=== EXERCISE DIRECTIONS ===
Set down exactly the lines in the records below that run from the line with "extrude(amount=-F7_T9_DEPTH)" to the line with "# F7_s23 → F7_t24 (new body)", inclusive, and nothing more.

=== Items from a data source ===
::::::::::
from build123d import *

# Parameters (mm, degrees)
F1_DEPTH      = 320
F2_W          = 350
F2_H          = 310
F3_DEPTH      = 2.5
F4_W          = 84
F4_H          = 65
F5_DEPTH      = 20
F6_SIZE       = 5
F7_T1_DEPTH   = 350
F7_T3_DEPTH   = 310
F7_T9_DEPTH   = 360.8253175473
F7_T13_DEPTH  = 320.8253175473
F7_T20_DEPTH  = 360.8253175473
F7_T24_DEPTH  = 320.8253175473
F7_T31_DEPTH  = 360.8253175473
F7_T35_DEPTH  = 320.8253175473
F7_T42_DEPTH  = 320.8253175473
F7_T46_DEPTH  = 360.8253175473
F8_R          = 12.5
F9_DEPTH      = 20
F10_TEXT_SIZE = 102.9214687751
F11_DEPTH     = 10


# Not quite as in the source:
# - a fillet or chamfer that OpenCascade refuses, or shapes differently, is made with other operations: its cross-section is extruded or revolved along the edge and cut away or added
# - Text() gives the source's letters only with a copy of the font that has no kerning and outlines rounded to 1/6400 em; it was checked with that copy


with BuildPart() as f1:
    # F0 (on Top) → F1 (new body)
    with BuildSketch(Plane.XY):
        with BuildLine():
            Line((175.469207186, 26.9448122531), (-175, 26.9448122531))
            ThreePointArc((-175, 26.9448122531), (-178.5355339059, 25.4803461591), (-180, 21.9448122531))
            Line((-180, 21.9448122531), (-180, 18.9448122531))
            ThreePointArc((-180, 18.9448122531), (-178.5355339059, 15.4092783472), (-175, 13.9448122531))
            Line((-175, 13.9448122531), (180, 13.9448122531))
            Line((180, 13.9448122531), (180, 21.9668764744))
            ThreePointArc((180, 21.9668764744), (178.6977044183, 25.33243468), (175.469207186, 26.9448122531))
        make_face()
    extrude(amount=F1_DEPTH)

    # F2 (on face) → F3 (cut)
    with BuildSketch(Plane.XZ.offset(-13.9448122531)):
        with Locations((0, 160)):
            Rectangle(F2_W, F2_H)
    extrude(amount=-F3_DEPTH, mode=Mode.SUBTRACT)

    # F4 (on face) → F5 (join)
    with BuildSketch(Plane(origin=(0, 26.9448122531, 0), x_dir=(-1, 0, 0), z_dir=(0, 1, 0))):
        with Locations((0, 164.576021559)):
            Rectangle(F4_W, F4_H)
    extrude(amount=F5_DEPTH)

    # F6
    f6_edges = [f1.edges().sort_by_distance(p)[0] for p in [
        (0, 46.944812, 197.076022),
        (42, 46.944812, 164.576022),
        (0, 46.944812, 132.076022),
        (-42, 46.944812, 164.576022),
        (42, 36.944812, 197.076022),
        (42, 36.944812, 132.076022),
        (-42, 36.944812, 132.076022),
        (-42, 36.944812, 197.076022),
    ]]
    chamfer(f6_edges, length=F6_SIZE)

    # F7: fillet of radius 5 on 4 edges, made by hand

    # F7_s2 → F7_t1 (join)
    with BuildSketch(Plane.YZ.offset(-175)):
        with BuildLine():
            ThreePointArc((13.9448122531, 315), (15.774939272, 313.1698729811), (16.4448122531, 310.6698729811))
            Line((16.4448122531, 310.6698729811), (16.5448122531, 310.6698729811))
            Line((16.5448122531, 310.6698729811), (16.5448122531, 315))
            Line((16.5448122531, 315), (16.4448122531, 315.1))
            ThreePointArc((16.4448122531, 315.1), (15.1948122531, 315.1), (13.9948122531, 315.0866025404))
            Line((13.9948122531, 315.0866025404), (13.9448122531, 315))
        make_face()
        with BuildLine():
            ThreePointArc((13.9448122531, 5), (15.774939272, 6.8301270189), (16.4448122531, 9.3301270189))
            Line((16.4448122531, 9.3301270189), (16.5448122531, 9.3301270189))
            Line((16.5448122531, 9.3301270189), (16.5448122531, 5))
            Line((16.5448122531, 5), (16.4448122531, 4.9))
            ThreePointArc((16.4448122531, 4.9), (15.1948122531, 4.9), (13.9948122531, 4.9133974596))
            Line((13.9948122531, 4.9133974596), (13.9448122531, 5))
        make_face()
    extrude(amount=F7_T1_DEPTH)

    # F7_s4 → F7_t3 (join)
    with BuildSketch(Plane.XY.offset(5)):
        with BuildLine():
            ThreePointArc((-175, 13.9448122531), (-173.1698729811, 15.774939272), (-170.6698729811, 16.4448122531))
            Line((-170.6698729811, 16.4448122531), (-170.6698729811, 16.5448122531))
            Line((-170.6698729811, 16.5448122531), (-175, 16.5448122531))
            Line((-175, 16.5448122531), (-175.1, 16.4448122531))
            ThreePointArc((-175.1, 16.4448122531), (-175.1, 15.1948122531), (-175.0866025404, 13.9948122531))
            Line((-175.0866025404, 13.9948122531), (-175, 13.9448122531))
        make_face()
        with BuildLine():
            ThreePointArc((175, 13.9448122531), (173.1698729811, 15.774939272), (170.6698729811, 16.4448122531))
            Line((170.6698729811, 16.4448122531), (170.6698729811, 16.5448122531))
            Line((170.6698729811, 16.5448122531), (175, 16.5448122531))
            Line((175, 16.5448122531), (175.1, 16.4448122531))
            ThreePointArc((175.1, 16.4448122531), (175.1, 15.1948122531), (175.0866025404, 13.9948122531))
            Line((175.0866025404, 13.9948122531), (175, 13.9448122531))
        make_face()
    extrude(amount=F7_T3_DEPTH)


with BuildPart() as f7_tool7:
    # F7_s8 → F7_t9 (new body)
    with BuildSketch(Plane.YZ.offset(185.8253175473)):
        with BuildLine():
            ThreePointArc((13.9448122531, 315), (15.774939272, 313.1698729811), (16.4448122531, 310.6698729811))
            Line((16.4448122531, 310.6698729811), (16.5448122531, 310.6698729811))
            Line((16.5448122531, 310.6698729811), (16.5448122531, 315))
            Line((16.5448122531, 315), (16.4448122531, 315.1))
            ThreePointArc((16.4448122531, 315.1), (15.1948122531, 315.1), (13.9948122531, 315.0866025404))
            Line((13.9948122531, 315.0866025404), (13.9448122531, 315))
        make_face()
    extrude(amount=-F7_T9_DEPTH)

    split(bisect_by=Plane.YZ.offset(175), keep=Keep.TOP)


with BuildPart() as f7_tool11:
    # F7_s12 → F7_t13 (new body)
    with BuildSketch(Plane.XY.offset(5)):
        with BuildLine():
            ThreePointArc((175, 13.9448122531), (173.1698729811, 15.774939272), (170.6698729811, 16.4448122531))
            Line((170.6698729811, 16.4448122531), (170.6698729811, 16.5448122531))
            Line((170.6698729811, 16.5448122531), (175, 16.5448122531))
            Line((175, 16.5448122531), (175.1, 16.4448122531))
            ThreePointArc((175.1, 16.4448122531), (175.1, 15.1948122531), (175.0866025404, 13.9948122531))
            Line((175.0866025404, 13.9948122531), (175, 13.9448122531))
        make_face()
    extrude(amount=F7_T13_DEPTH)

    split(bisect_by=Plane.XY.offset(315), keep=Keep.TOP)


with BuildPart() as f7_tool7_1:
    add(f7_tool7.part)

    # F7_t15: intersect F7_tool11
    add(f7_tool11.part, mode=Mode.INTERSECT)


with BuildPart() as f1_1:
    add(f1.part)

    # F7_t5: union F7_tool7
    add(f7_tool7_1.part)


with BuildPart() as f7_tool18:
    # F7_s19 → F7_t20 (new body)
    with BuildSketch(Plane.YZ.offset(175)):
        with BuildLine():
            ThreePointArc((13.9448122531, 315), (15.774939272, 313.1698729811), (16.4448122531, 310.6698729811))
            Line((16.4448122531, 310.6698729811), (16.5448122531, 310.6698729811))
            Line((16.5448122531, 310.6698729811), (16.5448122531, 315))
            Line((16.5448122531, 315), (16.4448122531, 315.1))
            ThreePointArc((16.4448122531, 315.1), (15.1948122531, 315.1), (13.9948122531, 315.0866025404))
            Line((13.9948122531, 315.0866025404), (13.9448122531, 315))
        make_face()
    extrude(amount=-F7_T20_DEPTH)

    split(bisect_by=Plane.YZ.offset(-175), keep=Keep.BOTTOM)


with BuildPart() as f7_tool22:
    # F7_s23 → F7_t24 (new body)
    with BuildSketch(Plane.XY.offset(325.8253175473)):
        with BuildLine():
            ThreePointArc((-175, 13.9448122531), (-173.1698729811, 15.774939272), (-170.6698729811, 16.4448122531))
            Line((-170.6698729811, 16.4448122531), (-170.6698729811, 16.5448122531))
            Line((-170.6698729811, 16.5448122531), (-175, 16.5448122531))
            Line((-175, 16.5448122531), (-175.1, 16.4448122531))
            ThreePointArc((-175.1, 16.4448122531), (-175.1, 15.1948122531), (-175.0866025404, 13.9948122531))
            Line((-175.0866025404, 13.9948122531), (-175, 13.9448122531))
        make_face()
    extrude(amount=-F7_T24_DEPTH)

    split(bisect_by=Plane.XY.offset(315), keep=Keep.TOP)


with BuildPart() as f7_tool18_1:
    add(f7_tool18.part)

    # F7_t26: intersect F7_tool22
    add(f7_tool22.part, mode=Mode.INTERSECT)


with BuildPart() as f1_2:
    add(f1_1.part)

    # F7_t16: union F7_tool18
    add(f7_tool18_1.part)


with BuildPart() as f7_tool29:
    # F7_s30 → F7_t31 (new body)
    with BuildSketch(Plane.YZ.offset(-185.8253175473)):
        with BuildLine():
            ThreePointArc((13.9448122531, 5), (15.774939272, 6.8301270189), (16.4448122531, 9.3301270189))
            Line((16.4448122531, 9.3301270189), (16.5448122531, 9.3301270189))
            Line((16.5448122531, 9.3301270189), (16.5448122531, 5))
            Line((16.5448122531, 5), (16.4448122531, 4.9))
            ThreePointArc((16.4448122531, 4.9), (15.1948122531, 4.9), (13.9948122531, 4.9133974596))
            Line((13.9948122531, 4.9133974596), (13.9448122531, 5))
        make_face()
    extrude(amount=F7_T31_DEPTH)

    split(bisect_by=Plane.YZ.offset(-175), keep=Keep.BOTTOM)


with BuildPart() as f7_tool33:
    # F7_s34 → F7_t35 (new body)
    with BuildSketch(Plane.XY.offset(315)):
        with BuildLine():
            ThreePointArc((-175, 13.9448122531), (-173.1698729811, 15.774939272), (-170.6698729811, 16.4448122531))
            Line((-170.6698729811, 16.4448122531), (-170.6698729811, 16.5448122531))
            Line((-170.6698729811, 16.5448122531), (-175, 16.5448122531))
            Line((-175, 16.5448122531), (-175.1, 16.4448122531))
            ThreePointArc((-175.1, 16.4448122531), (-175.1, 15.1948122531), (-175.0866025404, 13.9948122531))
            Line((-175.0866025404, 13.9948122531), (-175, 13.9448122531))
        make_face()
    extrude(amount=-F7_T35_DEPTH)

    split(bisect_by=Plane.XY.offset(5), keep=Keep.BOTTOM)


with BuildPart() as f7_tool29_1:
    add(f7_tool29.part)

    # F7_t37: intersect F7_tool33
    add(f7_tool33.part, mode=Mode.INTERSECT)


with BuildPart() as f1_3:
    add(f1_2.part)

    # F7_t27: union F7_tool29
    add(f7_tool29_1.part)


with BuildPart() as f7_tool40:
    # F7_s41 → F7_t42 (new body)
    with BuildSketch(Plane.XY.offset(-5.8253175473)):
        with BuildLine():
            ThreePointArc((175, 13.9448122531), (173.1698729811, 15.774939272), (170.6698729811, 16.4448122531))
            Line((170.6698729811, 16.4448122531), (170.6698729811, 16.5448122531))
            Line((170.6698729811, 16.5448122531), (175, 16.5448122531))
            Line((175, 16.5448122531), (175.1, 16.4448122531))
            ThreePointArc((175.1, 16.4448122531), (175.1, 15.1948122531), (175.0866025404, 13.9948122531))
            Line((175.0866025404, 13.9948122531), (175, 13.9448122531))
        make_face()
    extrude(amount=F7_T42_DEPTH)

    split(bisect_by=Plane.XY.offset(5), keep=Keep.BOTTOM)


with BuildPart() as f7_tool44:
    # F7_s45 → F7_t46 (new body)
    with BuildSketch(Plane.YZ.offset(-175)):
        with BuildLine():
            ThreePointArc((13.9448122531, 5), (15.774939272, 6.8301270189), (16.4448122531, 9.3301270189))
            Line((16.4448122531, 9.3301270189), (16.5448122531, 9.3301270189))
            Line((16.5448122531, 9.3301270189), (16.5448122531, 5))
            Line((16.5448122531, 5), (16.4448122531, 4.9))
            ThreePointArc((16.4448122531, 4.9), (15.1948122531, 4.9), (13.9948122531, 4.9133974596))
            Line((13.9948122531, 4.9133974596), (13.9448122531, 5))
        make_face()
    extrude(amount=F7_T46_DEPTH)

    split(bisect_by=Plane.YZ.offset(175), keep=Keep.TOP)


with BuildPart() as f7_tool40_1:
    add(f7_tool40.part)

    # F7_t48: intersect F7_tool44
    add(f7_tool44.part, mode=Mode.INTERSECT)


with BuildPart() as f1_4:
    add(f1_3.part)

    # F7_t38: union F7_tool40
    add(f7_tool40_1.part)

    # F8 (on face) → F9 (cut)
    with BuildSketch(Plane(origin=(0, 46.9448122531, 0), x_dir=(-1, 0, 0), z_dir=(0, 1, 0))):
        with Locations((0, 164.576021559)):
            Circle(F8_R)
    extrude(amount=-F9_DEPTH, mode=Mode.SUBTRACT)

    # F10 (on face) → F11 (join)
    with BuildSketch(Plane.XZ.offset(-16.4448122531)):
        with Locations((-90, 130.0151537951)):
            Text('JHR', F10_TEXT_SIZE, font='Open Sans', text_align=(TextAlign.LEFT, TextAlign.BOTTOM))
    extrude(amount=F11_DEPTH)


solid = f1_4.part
::::::::::
=== SOLUTION ===
    extrude(amount=-F7_T9_DEPTH)

    split(bisect_by=Plane.YZ.offset(175), keep=Keep.TOP)


with BuildPart() as f7_tool11:
    # F7_s12 → F7_t13 (new body)
    with BuildSketch(Plane.XY.offset(5)):
        with BuildLine():
            ThreePointArc((175, 13.9448122531), (173.1698729811, 15.774939272), (170.6698729811, 16.4448122531))
            Line((170.6698729811, 16.4448122531), (170.6698729811, 16.5448122531))
            Line((170.6698729811, 16.5448122531), (175, 16.5448122531))
            Line((175, 16.5448122531), (175.1, 16.4448122531))
            ThreePointArc((175.1, 16.4448122531), (175.1, 15.1948122531), (175.0866025404, 13.9948122531))
            Line((175.0866025404, 13.9948122531), (175, 13.9448122531))
        make_face()
    extrude(amount=F7_T13_DEPTH)

    split(bisect_by=Plane.XY.offset(315), keep=Keep.TOP)


with BuildPart() as f7_tool7_1:
    add(f7_tool7.part)

    # F7_t15: intersect F7_tool11
    add(f7_tool11.part, mode=Mode.INTERSECT)


with BuildPart() as f1_1:
    add(f1.part)

    # F7_t5: union F7_tool7
    add(f7_tool7_1.part)


with BuildPart() as f7_tool18:
    # F7_s19 → F7_t20 (new body)
    with BuildSketch(Plane.YZ.offset(175)):
        with BuildLine():
            ThreePointArc((13.9448122531, 315), (15.774939272, 313.1698729811), (16.4448122531, 310.6698729811))
            Line((16.4448122531, 310.6698729811), (16.5448122531, 310.6698729811))
            Line((16.5448122531, 310.6698729811), (16.5448122531, 315))
            Line((16.5448122531, 315), (16.4448122531, 315.1))
            ThreePointArc((16.4448122531, 315.1), (15.1948122531, 315.1), (13.9948122531, 315.0866025404))
            Line((13.9948122531, 315.0866025404), (13.9448122531, 315))
        make_face()
    extrude(amount=-F7_T20_DEPTH)

    split(bisect_by=Plane.YZ.offset(-175), keep=Keep.BOTTOM)


with BuildPart() as f7_tool22:
    # F7_s23 → F7_t24 (new body)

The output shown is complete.